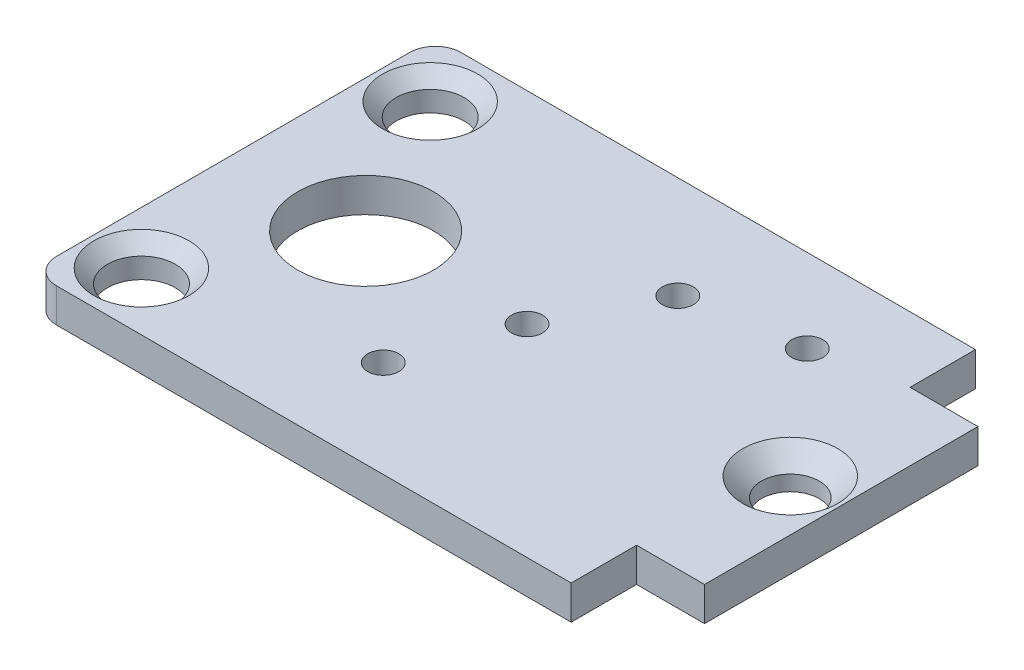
ISO-10303-21;
HEADER;
FILE_DESCRIPTION(('STEP AP214'),'2;1');
FILE_NAME('part.step','',(''),(''),'','','');
FILE_SCHEMA(('AUTOMOTIVE_DESIGN { 1 0 10303 214 1 1 1 1 }'));
ENDSEC;
DATA;
#1=APPLICATION_CONTEXT('core data for automotive mechanical design processes');
#2=APPLICATION_PROTOCOL_DEFINITION('international standard','automotive_design',2000,#1);
#3=PRODUCT_CONTEXT('',#1,'mechanical');
#4=PRODUCT('Part','Part','',(#3));
#5=PRODUCT_RELATED_PRODUCT_CATEGORY('part','',(#4));
#6=PRODUCT_DEFINITION_FORMATION('','',#4);
#7=PRODUCT_DEFINITION_CONTEXT('part definition',#1,'design');
#8=PRODUCT_DEFINITION('design','',#6,#7);
#9=PRODUCT_DEFINITION_SHAPE('','',#8);
#10=(LENGTH_UNIT() NAMED_UNIT(*) SI_UNIT(.MILLI.,.METRE.));
#11=(NAMED_UNIT(*) PLANE_ANGLE_UNIT() SI_UNIT($,.RADIAN.));
#12=(NAMED_UNIT(*) SI_UNIT($,.STERADIAN.) SOLID_ANGLE_UNIT());
#13=UNCERTAINTY_MEASURE_WITH_UNIT(LENGTH_MEASURE(1.E-05),#10,'distance_accuracy_value','');
#14=(GEOMETRIC_REPRESENTATION_CONTEXT(3) GLOBAL_UNCERTAINTY_ASSIGNED_CONTEXT((#13)) GLOBAL_UNIT_ASSIGNED_CONTEXT((#10,
#11,#12)) REPRESENTATION_CONTEXT('',''));
#15=CARTESIAN_POINT('',(0.,0.,0.));
#16=DIRECTION('',(0.,0.,1.));
#17=DIRECTION('',(1.,0.,0.));
#18=AXIS2_PLACEMENT_3D('',#15,#16,#17);
#19=CARTESIAN_POINT('',(0.,1.,0.));
#20=DIRECTION('',(0.,-1.,0.));
#21=DIRECTION('',(0.,0.,-1.));
#22=AXIS2_PLACEMENT_3D('',#19,#20,#21);
#23=PLANE('',#22);
#24=CARTESIAN_POINT('',(12.5,1.,0.));
#25=DIRECTION('',(0.,1.,0.));
#26=DIRECTION('',(0.,0.,1.));
#27=AXIS2_PLACEMENT_3D('',#24,#25,#26);
#28=CIRCLE('',#27,1.4);
#29=CARTESIAN_POINT('',(12.5,1.,1.4));
#30=VERTEX_POINT('',#29);
#31=EDGE_CURVE('E368',#30,#30,#28,.T.);
#32=ORIENTED_EDGE('',*,*,#31,.F.);
#33=EDGE_LOOP('',(#32));
#34=FACE_BOUND('',#33,.T.);
#35=CARTESIAN_POINT('',(3.61862915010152,1.,3.1));
#36=DIRECTION('',(0.,1.,0.));
#37=DIRECTION('',(0.,0.,1.));
#38=AXIS2_PLACEMENT_3D('',#35,#36,#37);
#39=CIRCLE('',#38,0.457200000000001);
#40=CARTESIAN_POINT('',(3.61862915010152,1.,3.5572));
#41=VERTEX_POINT('',#40);
#42=EDGE_CURVE('E270',#41,#41,#39,.T.);
#43=ORIENTED_EDGE('',*,*,#42,.F.);
#44=EDGE_LOOP('',(#43));
#45=FACE_BOUND('',#44,.T.);
#46=CARTESIAN_POINT('',(4.75,1.,0.));
#47=DIRECTION('',(0.,1.,0.));
#48=DIRECTION('',(0.,0.,1.));
#49=AXIS2_PLACEMENT_3D('',#46,#47,#48);
#50=CIRCLE('',#49,0.4572);
#51=CARTESIAN_POINT('',(4.75,1.,0.4572));
#52=VERTEX_POINT('',#51);
#53=EDGE_CURVE('E386',#52,#52,#50,.T.);
#54=ORIENTED_EDGE('',*,*,#53,.F.);
#55=EDGE_LOOP('',(#54));
#56=FACE_BOUND('',#55,.T.);
#57=CARTESIAN_POINT('',(6.24777213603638,1.,-2.94052352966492));
#58=DIRECTION('',(0.,1.,0.));
#59=DIRECTION('',(0.,0.,1.));
#60=AXIS2_PLACEMENT_3D('',#57,#58,#59);
#61=CIRCLE('',#60,0.4572);
#62=CARTESIAN_POINT('',(6.24777213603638,1.,-2.48332352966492));
#63=VERTEX_POINT('',#62);
#64=EDGE_CURVE('E394',#63,#63,#61,.T.);
#65=ORIENTED_EDGE('',*,*,#64,.F.);
#66=EDGE_LOOP('',(#65));
#67=FACE_BOUND('',#66,.T.);
#68=CARTESIAN_POINT('',(9.5,1.,-3.5));
#69=DIRECTION('',(0.,1.,0.));
#70=DIRECTION('',(0.,0.,1.));
#71=AXIS2_PLACEMENT_3D('',#68,#69,#70);
#72=CIRCLE('',#71,0.4572);
#73=CARTESIAN_POINT('',(9.5,1.,-3.0428));
#74=VERTEX_POINT('',#73);
#75=EDGE_CURVE('E377',#74,#74,#72,.T.);
#76=ORIENTED_EDGE('',*,*,#75,.F.);
#77=EDGE_LOOP('',(#76));
#78=FACE_BOUND('',#77,.T.);
#79=CARTESIAN_POINT('',(-2.34999999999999,1.,4.25));
#80=DIRECTION('',(0.,-1.,0.));
#81=DIRECTION('',(0.,0.,-1.));
#82=AXIS2_PLACEMENT_3D('',#79,#80,#81);
#83=CIRCLE('',#82,1.4);
#84=CARTESIAN_POINT('',(-2.34999999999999,1.,2.85));
#85=VERTEX_POINT('',#84);
#86=EDGE_CURVE('E52',#85,#85,#83,.T.);
#87=ORIENTED_EDGE('',*,*,#86,.T.);
#88=EDGE_LOOP('',(#87));
#89=FACE_BOUND('',#88,.T.);
#90=CARTESIAN_POINT('',(-2.34999999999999,1.,-4.25));
#91=DIRECTION('',(0.,-1.,0.));
#92=DIRECTION('',(0.,0.,-1.));
#93=AXIS2_PLACEMENT_3D('',#90,#91,#92);
#94=CIRCLE('',#93,1.4);
#95=CARTESIAN_POINT('',(-2.34999999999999,1.,-2.85));
#96=VERTEX_POINT('',#95);
#97=EDGE_CURVE('E235',#96,#96,#94,.T.);
#98=ORIENTED_EDGE('',*,*,#97,.T.);
#99=EDGE_LOOP('',(#98));
#100=FACE_BOUND('',#99,.T.);
#101=DIRECTION('',(-1.,0.,0.));
#102=VECTOR('',#101,1.);
#103=CARTESIAN_POINT('',(12.,1.,-5.95));
#104=LINE('',#103,#102);
#105=CARTESIAN_POINT('',(12.,1.,-5.95));
#106=VERTEX_POINT('',#105);
#107=CARTESIAN_POINT('',(-3.15,1.,-5.95));
#108=VERTEX_POINT('',#107);
#109=EDGE_CURVE('E163',#106,#108,#104,.T.);
#110=ORIENTED_EDGE('',*,*,#109,.T.);
#111=CARTESIAN_POINT('',(-3.14999999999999,1.,-5.2));
#112=DIRECTION('',(0.,-1.,0.));
#113=DIRECTION('',(0.,0.,-1.));
#114=AXIS2_PLACEMENT_3D('',#111,#112,#113);
#115=CIRCLE('',#114,0.75);
#116=CARTESIAN_POINT('',(-3.89999999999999,1.,-5.2));
#117=VERTEX_POINT('',#116);
#118=EDGE_CURVE('E225',#108,#117,#115,.F.);
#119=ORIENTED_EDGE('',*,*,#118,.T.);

**WORK REQUEST**. What is needed here is each line above set down word for word, minus the images.

**FINAL ANSWER**.
ISO-10303-21;
HEADER;
FILE_DESCRIPTION(('STEP AP214'),'2;1');
FILE_NAME('part.step','',(''),(''),'','','');
FILE_SCHEMA(('AUTOMOTIVE_DESIGN { 1 0 10303 214 1 1 1 1 }'));
ENDSEC;
DATA;
#1=APPLICATION_CONTEXT('core data for automotive mechanical design processes');
#2=APPLICATION_PROTOCOL_DEFINITION('international standard','automotive_design',2000,#1);
#3=PRODUCT_CONTEXT('',#1,'mechanical');
#4=PRODUCT('Part','Part','',(#3));
#5=PRODUCT_RELATED_PRODUCT_CATEGORY('part','',(#4));
#6=PRODUCT_DEFINITION_FORMATION('','',#4);
#7=PRODUCT_DEFINITION_CONTEXT('part definition',#1,'design');
#8=PRODUCT_DEFINITION('design','',#6,#7);
#9=PRODUCT_DEFINITION_SHAPE('','',#8);
#10=(LENGTH_UNIT() NAMED_UNIT(*) SI_UNIT(.MILLI.,.METRE.));
#11=(NAMED_UNIT(*) PLANE_ANGLE_UNIT() SI_UNIT($,.RADIAN.));
#12=(NAMED_UNIT(*) SI_UNIT($,.STERADIAN.) SOLID_ANGLE_UNIT());
#13=UNCERTAINTY_MEASURE_WITH_UNIT(LENGTH_MEASURE(1.E-05),#10,'distance_accuracy_value','');
#14=(GEOMETRIC_REPRESENTATION_CONTEXT(3) GLOBAL_UNCERTAINTY_ASSIGNED_CONTEXT((#13)) GLOBAL_UNIT_ASSIGNED_CONTEXT((#10,
#11,#12)) REPRESENTATION_CONTEXT('',''));
#15=CARTESIAN_POINT('',(0.,0.,0.));
#16=DIRECTION('',(0.,0.,1.));
#17=DIRECTION('',(1.,0.,0.));
#18=AXIS2_PLACEMENT_3D('',#15,#16,#17);
#19=CARTESIAN_POINT('',(0.,1.,0.));
#20=DIRECTION('',(0.,-1.,0.));
#21=DIRECTION('',(0.,0.,-1.));
#22=AXIS2_PLACEMENT_3D('',#19,#20,#21);
#23=PLANE('',#22);
#24=CARTESIAN_POINT('',(12.5,1.,0.));
#25=DIRECTION('',(0.,1.,0.));
#26=DIRECTION('',(0.,0.,1.));
#27=AXIS2_PLACEMENT_3D('',#24,#25,#26);
#28=CIRCLE('',#27,1.4);
#29=CARTESIAN_POINT('',(12.5,1.,1.4));
#30=VERTEX_POINT('',#29);
#31=EDGE_CURVE('E368',#30,#30,#28,.T.);
#32=ORIENTED_EDGE('',*,*,#31,.F.);
#33=EDGE_LOOP('',(#32));
#34=FACE_BOUND('',#33,.T.);
#35=CARTESIAN_POINT('',(3.61862915010152,1.,3.1));
#36=DIRECTION('',(0.,1.,0.));
#37=DIRECTION('',(0.,0.,1.));
#38=AXIS2_PLACEMENT_3D('',#35,#36,#37);
#39=CIRCLE('',#38,0.457200000000001);
#40=CARTESIAN_POINT('',(3.61862915010152,1.,3.5572));
#41=VERTEX_POINT('',#40);
#42=EDGE_CURVE('E270',#41,#41,#39,.T.);
#43=ORIENTED_EDGE('',*,*,#42,.F.);
#44=EDGE_LOOP('',(#43));
#45=FACE_BOUND('',#44,.T.);
#46=CARTESIAN_POINT('',(4.75,1.,0.));
#47=DIRECTION('',(0.,1.,0.));
#48=DIRECTION('',(0.,0.,1.));
#49=AXIS2_PLACEMENT_3D('',#46,#47,#48);
#50=CIRCLE('',#49,0.4572);
#51=CARTESIAN_POINT('',(4.75,1.,0.4572));
#52=VERTEX_POINT('',#51);
#53=EDGE_CURVE('E386',#52,#52,#50,.T.);
#54=ORIENTED_EDGE('',*,*,#53,.F.);
#55=EDGE_LOOP('',(#54));
#56=FACE_BOUND('',#55,.T.);
#57=CARTESIAN_POINT('',(6.24777213603638,1.,-2.94052352966492));
#58=DIRECTION('',(0.,1.,0.));
#59=DIRECTION('',(0.,0.,1.));
#60=AXIS2_PLACEMENT_3D('',#57,#58,#59);
#61=CIRCLE('',#60,0.4572);
#62=CARTESIAN_POINT('',(6.24777213603638,1.,-2.48332352966492));
#63=VERTEX_POINT('',#62);
#64=EDGE_CURVE('E394',#63,#63,#61,.T.);
#65=ORIENTED_EDGE('',*,*,#64,.F.);
#66=EDGE_LOOP('',(#65));
#67=FACE_BOUND('',#66,.T.);
#68=CARTESIAN_POINT('',(9.5,1.,-3.5));
#69=DIRECTION('',(0.,1.,0.));
#70=DIRECTION('',(0.,0.,1.));
#71=AXIS2_PLACEMENT_3D('',#68,#69,#70);
#72=CIRCLE('',#71,0.4572);
#73=CARTESIAN_POINT('',(9.5,1.,-3.0428));
#74=VERTEX_POINT('',#73);
#75=EDGE_CURVE('E377',#74,#74,#72,.T.);
#76=ORIENTED_EDGE('',*,*,#75,.F.);
#77=EDGE_LOOP('',(#76));
#78=FACE_BOUND('',#77,.T.);
#79=CARTESIAN_POINT('',(-2.34999999999999,1.,4.25));
#80=DIRECTION('',(0.,-1.,0.));
#81=DIRECTION('',(0.,0.,-1.));
#82=AXIS2_PLACEMENT_3D('',#79,#80,#81);
#83=CIRCLE('',#82,1.4);
#84=CARTESIAN_POINT('',(-2.34999999999999,1.,2.85));
#85=VERTEX_POINT('',#84);
#86=EDGE_CURVE('E52',#85,#85,#83,.T.);
#87=ORIENTED_EDGE('',*,*,#86,.T.);
#88=EDGE_LOOP('',(#87));
#89=FACE_BOUND('',#88,.T.);
#90=CARTESIAN_POINT('',(-2.34999999999999,1.,-4.25));
#91=DIRECTION('',(0.,-1.,0.));
#92=DIRECTION('',(0.,0.,-1.));
#93=AXIS2_PLACEMENT_3D('',#90,#91,#92);
#94=CIRCLE('',#93,1.4);
#95=CARTESIAN_POINT('',(-2.34999999999999,1.,-2.85));
#96=VERTEX_POINT('',#95);
#97=EDGE_CURVE('E235',#96,#96,#94,.T.);
#98=ORIENTED_EDGE('',*,*,#97,.T.);
#99=EDGE_LOOP('',(#98));
#100=FACE_BOUND('',#99,.T.);
#101=DIRECTION('',(-1.,0.,0.));
#102=VECTOR('',#101,1.);
#103=CARTESIAN_POINT('',(12.,1.,-5.95));
#104=LINE('',#103,#102);
#105=CARTESIAN_POINT('',(12.,1.,-5.95));
#106=VERTEX_POINT('',#105);
#107=CARTESIAN_POINT('',(-3.15,1.,-5.95));
#108=VERTEX_POINT('',#107);
#109=EDGE_CURVE('E163',#106,#108,#104,.T.);
#110=ORIENTED_EDGE('',*,*,#109,.T.);
#111=CARTESIAN_POINT('',(-3.14999999999999,1.,-5.2));
#112=DIRECTION('',(0.,-1.,0.));
#113=DIRECTION('',(0.,0.,-1.));
#114=AXIS2_PLACEMENT_3D('',#111,#112,#113);
#115=CIRCLE('',#114,0.75);
#116=CARTESIAN_POINT('',(-3.89999999999999,1.,-5.2));
#117=VERTEX_POINT('',#116);
#118=EDGE_CURVE('E225',#108,#117,#115,.F.);
#119=ORIENTED_EDGE('',*,*,#118,.T.);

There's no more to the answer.